More Economists Blogging

Maybe I am slow on the uptake, but I just noticed two new economics bloggers, Greg Mankiw, and Paul Romer. Romers last post is about French labour market reform, and has some pretty to the point arguments:

According to the OECD, in 2002 the unemployment rate for French 20- to- 24-year-olds was 15.5%. This is higher than many other industrialized countries--for example, the same figure for Canada was just 7.2%, less than half of the French statistic.

However, while the difference in the unemployment rate between two adjacent years in the same country can tell you a lot about the state of the economy, the difference in unemployment rates between two countries is harder to interpret because so many factors can differ. To make a meaningful comparison of the labor market in two countries, it helps to look at other variables besides the unemployment rate. For example, the same OECD report also shows that the fraction of all 20- to- 24-year-olds who were unemployed was 8.4% in France, compared to 5.7% in Canada--higher to be sure, but by much less.

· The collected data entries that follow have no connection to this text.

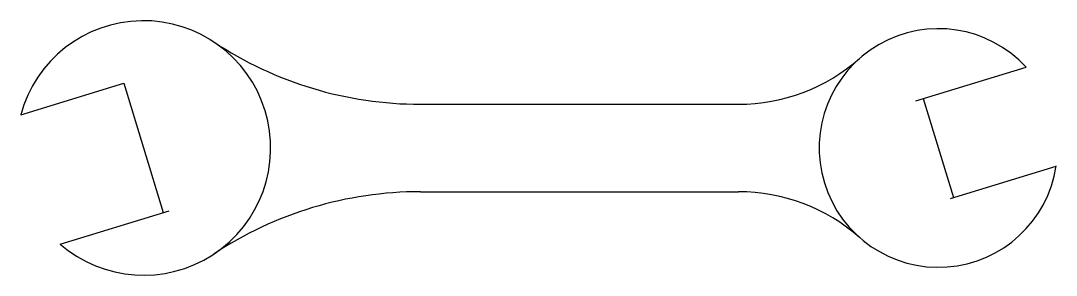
# Model space of a CAD drawing. Header units: millimetres. Extents: x -192 to -62, y 521 to 553.
import ezdxf

# ---------------------------------------------------------------- set-up
doc = ezdxf.new("R2010")
doc.units = ezdxf.units.MM
doc.header["$MEASUREMENT"] = 0

msp = doc.modelspace()

# ---------------------------------------------------------------- linework, layer by layer
for p, q in [((-79.86, 542.82), (-66.01, 547.06)), ((-192.49, 541.05), (-179.52, 545.02)), ((-179.52, 545.02), (-174.55, 528.76)), ((-142.21, 542.39), (-102.17, 542.39)), ((-78.94, 543.1), (-75.14, 530.67)), ((-75.53, 530.55), (-62.21, 534.62)), ((-142.21, 531.39), (-102.17, 531.39)), ((-187.51, 524.8), (-173.82, 528.98))]:
    msp.add_line(p, q)
for centre, radius, start, end in [((-177.04, 536.89), 16, 229.09, 164.91), ((-77.04, 536.89), 15, 42.6793, 351.3207), ((-142.21, 589.39), 47, 236.4427, 270), ((-102.17, 565.39), 23, 270, 311.4096), ((-185.94, 533.67), 13, 60.3096, 60.6546), ((-142.21, 484.39), 47, 90, 123.5573), ((-102.17, 508.39), 23, 48.5904, 90)]:
    msp.add_arc(centre, radius, start, end)

doc.saveas('drawing.dxf')

How can these two measures of joblessness paint such different pictures? Might it be that labor market conditions in France are not as bad as the unemployment rate suggests? Recall that the unemployment rate is the fraction of the labor force that is unemployed, not the fraction of the population. The unemployment rate is higher in France because a smaller fraction of 20- to- 24-year-olds are in the labor force there. The labor force participation rate for this age group is 54% in France and 79% in Canada.

A recent article in the Financial Times suggested that the main reason for the lower labor force participation rate may be that more twenty-somethings in France attend university. In fact, this can account for only a small part of the difference. The fraction of 20- to- 24-year-olds in education is only five percentage points higher in France--44% compared with 39% in Canada. Most of the 25 percentage point difference in labor force participation rates must therefore arise for some other reason.

A more troubling explanation for both differences is that many young people in France stay out of the labor force because they are discouraged--that is, they have been unemployed for so long that they do not feel that they can find a job, so they stop looking. Or they never bother to look.